From the records below, copy out each line that has the word "Performance".

**Record set**.

══════

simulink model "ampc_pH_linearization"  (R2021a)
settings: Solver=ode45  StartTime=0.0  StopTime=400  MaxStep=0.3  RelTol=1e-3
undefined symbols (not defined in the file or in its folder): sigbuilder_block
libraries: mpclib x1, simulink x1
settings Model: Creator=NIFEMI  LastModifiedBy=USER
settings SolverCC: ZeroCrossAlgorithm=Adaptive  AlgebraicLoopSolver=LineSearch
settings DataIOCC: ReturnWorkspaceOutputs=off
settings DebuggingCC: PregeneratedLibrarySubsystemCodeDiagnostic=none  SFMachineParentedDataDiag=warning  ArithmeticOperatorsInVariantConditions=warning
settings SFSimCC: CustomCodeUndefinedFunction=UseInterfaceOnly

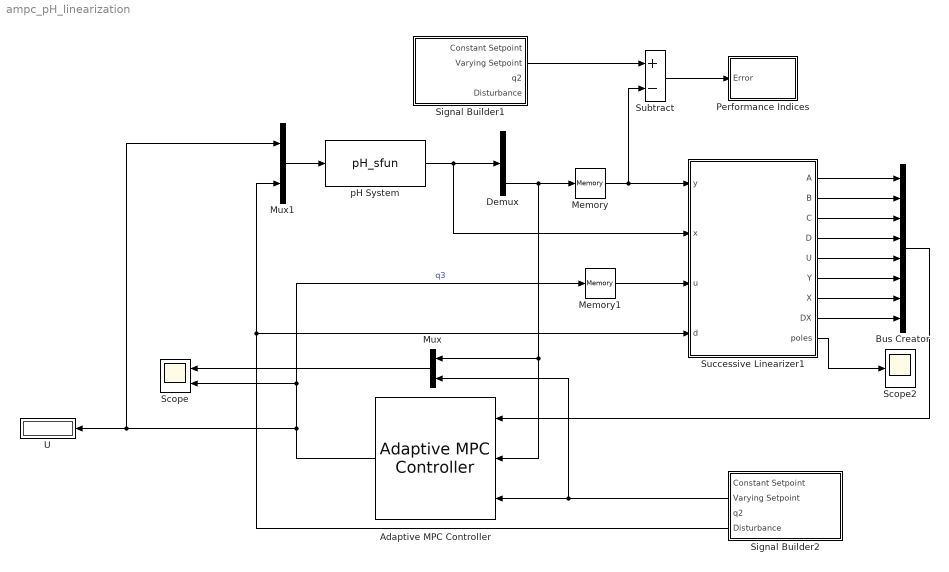
== system ampc_pH_linearization ==
  Adaptive MPC Controller : mpclib/Adaptive MPC Controller  SCDEnableBlockLinearizationSpecification=on  mpcobj=mpcobj_L  enable_value=0  updateMPCinCallerWorkspace=on  md_inport=off  mv_inport=off  uref_inport=off  return_cost=off  return_mvseq=off  return_qpstatus=off  return_xseq=off  return_state=off  return_ovseq=off  state_inport=off  isltv_plant=off  umin_inport=off  umax_inport=off  ymin_inport=off  ymax_inport=off  cc_inport=off  ywt_inport=off  uwt_inport=off  duwt_inport=off  rhoeps_inport=off  pm_inport=off  MaximumP=10  HorizonChoice=FixedHorizon  BlockDataType=double  SampleTimeInherited=off  switch_inport=off
  Bus Creator : BusCreator  Inputs=8
  Demux : Demux  Outputs=3
  Memory : Memory  InitialCondition=7
  Memory1 : Memory  InitialCondition=15.6
  Mux : Mux  Inputs=2
  Mux1 : Mux  Inputs=2
  Performance Indices : Subsystem
  Scope : Scope  NumInputPorts=2
  Scope2 : Scope
  Signal Builder1 : Subsystem  Tag=STV Subsys  LoadFcn=sigbuilder_block('load');  StartFcn=sigbuilder_block('start');  StopFcn=sigbuilder_block('stop');  ClipboardFcn=sigbuilder_block('clipboard');  mask(Sigbuilder block){tuvar=[0:10]}
      mask help: Simulink:masks:SigbuilderBlock_MD
      mask init:
      | if ~strcmp(get_param(bdroot(gcbh),'SimulationStatus'),'stopped') tuvar = sigbuilder_block('maskInit'); end
      settings: CopyFcn=sigbuilder_block('copy');  DeleteFcn=sigbuilder_block('delete');  ModelCloseFcn=sigbuilder_block('modelClose');  PreSaveFcn=sigbuilder_block('preSave');  PauseFcn=sigbuilder_block('pause');  ContinueFcn=sigbuilder_block('continue');  NameChangeFcn=sigbuilder_block('namechange');  OpenFcn=sigbuilder_block('open',[301 130.5 653.5 349.5 ]);  CloseFcn=sigbuilder_block('close');
      mask Display: plot(0, 0, 100, 100,[2, 2, 32, 32, 2], [68, 8, 8, 68, 68],[32, 2], [38, 38], [32, 19, 2],[53, 60, 44], [32, 17, 17, 2],[16, 16, 31, 31]);txt = getActiveGroup(gcbh);text(2, 100, txt,'verticalAlignment', 'top');
  Signal Builder2 : Subsystem  Tag=STV Subsys  LoadFcn=sigbuilder_block('load');  StartFcn=sigbuilder_block('start');  StopFcn=sigbuilder_block('stop');  ClipboardFcn=sigbuilder_block('clipboard');  mask(Sigbuilder block){tuvar=[0:10]}
      mask help: Simulink:masks:SigbuilderBlock_MD
      mask init:
      | if ~strcmp(get_param(bdroot(gcbh),'SimulationStatus'),'stopped') tuvar = sigbuilder_block('maskInit'); end
      settings: CopyFcn=sigbuilder_block('copy');  DeleteFcn=sigbuilder_block('delete');  ModelCloseFcn=sigbuilder_block('modelClose');  PreSaveFcn=sigbuilder_block('preSave');  PauseFcn=sigbuilder_block('pause');  ContinueFcn=sigbuilder_block('continue');  NameChangeFcn=sigbuilder_block('namechange');  OpenFcn=sigbuilder_block('open',[301 130.5 653.5 349.5 ]);  CloseFcn=sigbuilder_block('close');
      mask Display: plot(0, 0, 100, 100,[2, 2, 32, 32, 2], [68, 8, 8, 68, 68],[32, 2], [38, 38], [32, 19, 2],[53, 60, 44], [32, 17, 17, 2],[16, 16, 31, 31]);txt = getActiveGroup(gcbh);text(2, 100, txt,'verticalAlignment', 'top');
  Subtract : Sum  Inputs=+-
  Successive Linearizer1 : MATLAB Function  TreatAsAtomicUnit=on  SystemSampleTime=0.5
  U : Display
  pH System : S-Function  FunctionName=pH_sfun  SFunctionDeploymentMode=off  EnableBusSupport=off
  wires:
  Successive Linearizer1/1(A) -> Bus Creator/1
  Successive Linearizer1/2(B) -> Bus Creator/2
  Successive Linearizer1/3(C) -> Bus Creator/3
  Successive Linearizer1/5(U) -> Bus Creator/5
  Successive Linearizer1/6(Y) -> Bus Creator/6
  Successive Linearizer1/7(X) -> Bus Creator/7
  Successive Linearizer1/8(DX) -> Bus Creator/8
  Successive Linearizer1/4(D) -> Bus Creator/4
  Bus Creator/1 -> Adaptive MPC Controller/1
  Mux/1 -> Scope/1
  Subtract/1 -> Performance Indices/1(Error)
  Signal Builder2/2(Varying Setpoint) -> Mux/2, Adaptive MPC Controller/3
  Adaptive MPC Controller/1 -> Memory1/1, Scope/2, Mux1/1, U/1  "q3"
  Memory/1 -> Subtract/2, Successive Linearizer1/1(y)
  Successive Linearizer1/9(poles) -> Scope2/1
  Demux/3 -> Adaptive MPC Controller/2, Mux/1, Memory/1
  pH System/1 -> Successive Linearizer1/2(x), Demux/1
  Mux1/1 -> pH System/1
  Signal Builder2/4(Disturbance) -> Successive Linearizer1/4(d), Mux1/2
  Signal Builder1/2(Varying Setpoint) -> Subtract/1
  Memory1/1 -> Successive Linearizer1/3(u)

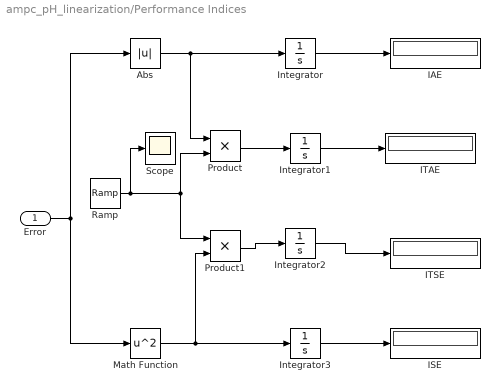
== system ampc_pH_linearization/Performance Indices ==
  Error : Inport
  Abs : Abs
  IAE : Display
  ISE : Display
  ITAE : Display
  ITSE : Display
  Integrator{,1..3} (4 alike) : Integrator
  Math Function : Math  Operator=square  SignedPower=on  SaturateOnIntegerOverflow=on
  Product : Product  RndMeth=Zero
  Product1 : Product  RndMeth=Zero
  Ramp : simulink/Sources/Ramp  slope=1  start=0  InitialOutput=0
  Scope : Scope
  wires:
  Error/1 -> Math Function/1, Abs/1
  Abs/1 -> Integrator/1, Product/1
  Integrator/1 -> IAE/1
  Ramp/1 -> Product/2, Product1/1, Scope/1
  Math Function/1 -> Integrator3/1, Product1/2
  Product1/1 -> Integrator2/1
  Product/1 -> Integrator1/1
  Integrator3/1 -> ISE/1
  Integrator2/1 -> ITSE/1
  Integrator1/1 -> ITAE/1

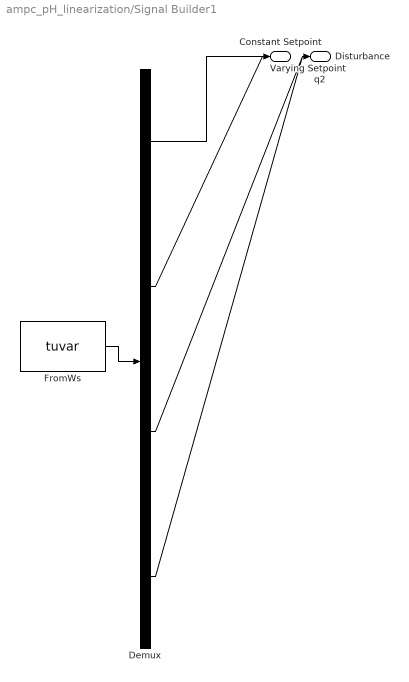
== system ampc_pH_linearization/Signal Builder1 ==
  Demux : Demux  Tag=STV Demux
      settings: DisplayOption=none
  FromWs : FromWorkspace  Tag=STV FromWs  VariableName=tuvar
      SigBuilderData=|
      | common.afterFinalStr = 'Extrapolate'
      | common.sampleTime = 0
      | dataSet(1).timeRange = [0 400]
      | dataSet(1).name = 'Servo'
      | dataSet(2).timeRange = [0 400]
      | dataSet(2).name = 'Regulatory'
      | sbobj.Groups(1).Name = 'Servo'
      | sbobj.Groups(1).Signals(1).Name = 'Constant Setpoint'
      | sbobj.Groups(1).Signals(1).XData = [0 400]
      | sbobj.Groups(1).Signals(1).YData = [7 7]
      | sbobj.Groups(1).Signals(2).Name = 'Varying Setpoint'
      | sbobj.Groups(1).Signals(2).XData = [0 50 50 200 200 300 300 400]
      | sbobj.Groups(1).Signals(2).YData = [7 7 5 5 10 10 7 7]
      | sbobj.Groups(1).Signals(3).Name = 'q2'
      | sbobj.Groups(1).Signals(3).XData = [0 400]
      | sbobj.Groups(1).Signals(3).YData = [0.55 0.55]
      | sbobj.Groups(1).Signals(4).Name = 'Disturbance'
      | sbobj.Groups(1).Signals(4).XData = [0 100 100 200 200 300 300 400]
      | sbobj.Groups(1).Signals(4).YData = [0.55 0.55 1.5 1.5 0.05 0.05 0.55 0.55]
      | sbobj.Groups(1).TimeRange = [0 400]
      | sbobj.Groups(2).Name = 'Regulatory'
      | sbobj.Groups(2).Signals(1).Name = 'Constant Setpoint'
      | sbobj.Groups(2).Signals(1).XData = [0 400]
      | sbobj.Groups(2).Signals(1).YData = [0 0]
      | sbobj.Groups(2).Signals(2).Name = 'Varying Setpoint'
      | sbobj.Groups(2).Signals(2).XData = [0 400]
      | sbobj.Groups(2).Signals(2).YData = [7 7]
      | sbobj.Groups(2).Signals(3).Name = 'q2'
      | sbobj.Groups(2).Signals(3).XData = [0 30 30 60 60 90 90 120 120 150 150 400]
      | sbobj.Groups(2).Signals(3).YData = [0.55 0.55 1.2 1.2 2 2 1 1 0 0 0.55 0.55]
      | sbobj.Groups(2).Signals(4).Name = 'Disturbance'
      | sbobj.Groups(2).Signals(4).XData = [0 400]
      | sbobj.Groups(2).Signals(4).YData = [0 0]
      | sbobj.Groups(2).TimeRange = [0 400]
  Constant Setpoint : Outport  Tag=STV Outport
  Varying Setpoint : Outport  Tag=STV Outport  Port=2  VectorParamsAs1DForOutWhenUnconnected=off
  q2 : Outport  Tag=STV Outport  Port=3  VectorParamsAs1DForOutWhenUnconnected=off
  Disturbance : Outport  Tag=STV Outport  Port=4
  wires:
  FromWs/1 -> Demux/1
  Demux/1 -> Constant Setpoint/1
  Demux/2 -> Varying Setpoint/1
  Demux/3 -> q2/1
  Demux/4 -> Disturbance/1

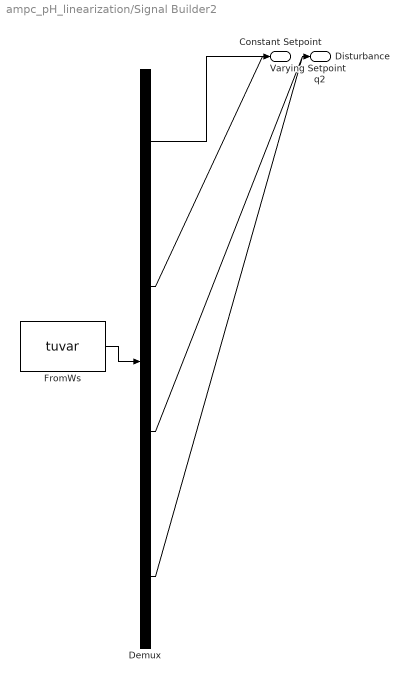
== system ampc_pH_linearization/Signal Builder2 ==
  Demux : Demux  Tag=STV Demux
      settings: DisplayOption=none
  FromWs : FromWorkspace  Tag=STV FromWs  VariableName=tuvar
      SigBuilderData=|
      | common.afterFinalStr = 'Extrapolate'
      | common.sampleTime = 0
      | dataSet(1).timeRange = [0 400]
      | dataSet(1).name = 'Servo'
      | dataSet(2).timeRange = [0 400]
      | dataSet(2).name = 'Regulatory'
      | sbobj.Groups(1).Name = 'Servo'
      | sbobj.Groups(1).Signals(1).Name = 'Constant Setpoint'
      | sbobj.Groups(1).Signals(1).XData = [0 400]
      | sbobj.Groups(1).Signals(1).YData = [7 7]
      | sbobj.Groups(1).Signals(2).Name = 'Varying Setpoint'
      | sbobj.Groups(1).Signals(2).XData = [0 50 50 200 200 300 300 400]
      | sbobj.Groups(1).Signals(2).YData = [7 7 5 5 10 10 7 7]
      | sbobj.Groups(1).Signals(3).Name = 'q2'
      | sbobj.Groups(1).Signals(3).XData = [0 400]
      | sbobj.Groups(1).Signals(3).YData = [0.55 0.55]
      | sbobj.Groups(1).Signals(4).Name = 'Disturbance'
      | sbobj.Groups(1).Signals(4).XData = [0 100 100 200 200 300 300 400]
      | sbobj.Groups(1).Signals(4).YData = [0.55 0.55 1.5 1.5 0.05 0.05 0.55 0.55]
      | sbobj.Groups(1).TimeRange = [0 400]
      | sbobj.Groups(2).Name = 'Regulatory'
      | sbobj.Groups(2).Signals(1).Name = 'Constant Setpoint'
      | sbobj.Groups(2).Signals(1).XData = [0 400]
      | sbobj.Groups(2).Signals(1).YData = [0 0]
      | sbobj.Groups(2).Signals(2).Name = 'Varying Setpoint'
      | sbobj.Groups(2).Signals(2).XData = [0 400]
      | sbobj.Groups(2).Signals(2).YData = [7 7]
      | sbobj.Groups(2).Signals(3).Name = 'q2'
      | sbobj.Groups(2).Signals(3).XData = [0 30 30 60 60 90 90 120 120 150 150 400]
      | sbobj.Groups(2).Signals(3).YData = [0.55 0.55 1.2 1.2 2 2 1 1 0 0 0.55 0.55]
      | sbobj.Groups(2).Signals(4).Name = 'Disturbance'
      | sbobj.Groups(2).Signals(4).XData = [0 400]
      | sbobj.Groups(2).Signals(4).YData = [0 0]
      | sbobj.Groups(2).TimeRange = [0 400]
  Constant Setpoint : Outport  Tag=STV Outport
  Varying Setpoint : Outport  Tag=STV Outport  Port=2  VectorParamsAs1DForOutWhenUnconnected=off
  q2 : Outport  Tag=STV Outport  Port=3  VectorParamsAs1DForOutWhenUnconnected=off
  Disturbance : Outport  Tag=STV Outport  Port=4
  wires:
  FromWs/1 -> Demux/1
  Demux/1 -> Constant Setpoint/1
  Demux/2 -> Varying Setpoint/1
  Demux/3 -> q2/1
  Demux/4 -> Disturbance/1

== matlab function ampc_pH_linearization/Successive Linearizer1 ==
  data: y input size=[1,1]; x input; A output size=[2,2]; B output size=[2 1]; C output size=[1,2]; D output size=[1 1]; U output size=[1,1]; Y output size=[1,1]; X output size=[2,1]; DX output size=[2,1]; u input; d input; poles output
function [A, B, C, D, U, Y, X, DX,poles] = fcn(y, x, u, d)

%%%%%%%%%%%%%%%%%%%%%%%%%%%%%%%%%%%%%%%%%%%%%%%%%%%%%%%
%#codegen

% Define constant outputs
Ts = 0.5;
U = u(1) ;
Y = y ;
X = x(1:2) ;



% Analytical linearization of mechanistic CSTR model (continuous time)
% [A, Bo] = getContinuous(T, CA, CAi, Ti, Tc);
[a, b, c, d] = getContinuous(y, x, u, d, Ts)  ;

% Convert continuous to discrete time
% [A, Bo] = getDiscrete(A, Bo, Ts);
[A, Bo, C, D] = getDiscrete(a, b, c, d, Ts)   ;
% Last column of B contains the constant offset contribution.
DX = Bo(:,2);
B = Bo(:,1);
% Compute poles
poles = abs(eig(A));

end

%%%%%%%%%%%%%%%%%%%%%%%%%%%%%%%%%%%%%%%%%%%%%%%%%%%%%
%%%%%%%%%%%%%%%%%%%%%%%%%%%%%%%%%%%

function [a, b, c, d] = getContinuous(y, x, u, d, Ts)




% [A, B, C, D] = get_discrete_model(y, x, u, d, Ts)   ;

%%%%%%%%%%%%%%%%%%%%%%%%%%%%%%%%%%%%%
    q3 = u(1);
    q2 = d(1);
    
    Wa4 = x(1);
    Wb4 = x(2);
    
    A = 207;
    h = 14;
    q1e = 16.6;
    Wa1 = 0.003;
    Wa2 = -0.03;
    Wa3 = -0.00305;
    Wb1 = 0;
    Wb2 = 0.03;
    Wb3 = 5e-5;
    pK1 = 6.35;
    pK2 = 10.25;
    dWa4dt = (1/(h*A))*((q1e*(Wa1 - Wa4)) + (q2*(Wa2 - Wa4)) + (q3*(Wa3 - Wa4)));
    dWb4dt = (1/(h*A))*((q1e*(Wb1 - Wb4)) + (q2*(Wb2 - Wb4)) + (q3*(Wb3 - Wb4)));
    dxdt = [dWa4dt; dWb4dt];

    %%%%%%%%%%%%%%%%%%%%%%%%%%%%%%%%%%
    q3 = u(1);
    q2 = d(1);
    
    Wa4 = x(1);
    Wb4 = x(2);

    pH = y(1);   
    
a = [ - q2/2898 - q3/2898 - 83/14490,  0;
         0, - q2/2898 - q3/2898 - 83/14490];
     
b = [- Wa4/2898 - 61/57960000 dWa4dt;
           1/57960000 - Wb4/2898 dWb4dt];
       
c = [-1/(log(10)/10^pH + 10^(pH - 14)*log(10) + (Wb4*(2*10^(pH - pK2) + 1)*(10^(pK1 - pH)*log(10) - 10^(pH - pK2)*log(10)))/(10^(pK1 - pH) + 10^(pH - pK2) + 1)^2 + (2*10^(pH - pK2)*Wb4*log(10))/(10^(pK1 - pH) + 10^(pH - pK2) + 1)),...
        -(2*10^(pH - pK2) + 1)/((10^(pK1 - pH) + 10^(pH - pK2) + 1)*(log(10)/10^pH + 10^(pH - 14)*log(10) + (Wb4*(2*10^(pH - pK2) + 1)*(10^(pK1 - pH)*log(10) - 10^(pH - pK2)*log(10)))/(10^(pK1 - pH) + 10^(pH - pK2) + 1)^2 + (2*10^(pH - pK2)*Wb4*log(10))/(10^(pK1 - pH) + 10^(pH - pK2) + 1)))
        ];
    
d = 0;

    
    
       
    
    %%%%%%%%%%%%%%%%%%%%%%%%%%%%%%
    
       

end


function [A, B, C, D] = getDiscrete(a, b,c,d, Ts)
% Convert to discrete time
A = expm(a*Ts);
nx = size(b,1);
n = 4;  % Number of points for Simpson's Rule, an even integer >= 2.
% Use Simpson's rule to compute integral(0,Ts){expm(a*s)*ds*b}
h = Ts/n;
Ai = eye(nx) + A;        % First and last terms;
Coef = 2;
for i = 1:n-1
    if Coef == 2
        Coef = 4;
    else
        Coef = 2;
    end
    Ai = Ai + Coef*expm(a*i*h);     % Intermediate terms
end
B = (h/3)*Ai*b;

C = c  ;
D = d ;

end

══════

**Exercise output**.
  Performance Indices : Subsystem
  Subtract/1 -> Performance Indices/1(Error)
== system ampc_pH_linearization/Performance Indices ==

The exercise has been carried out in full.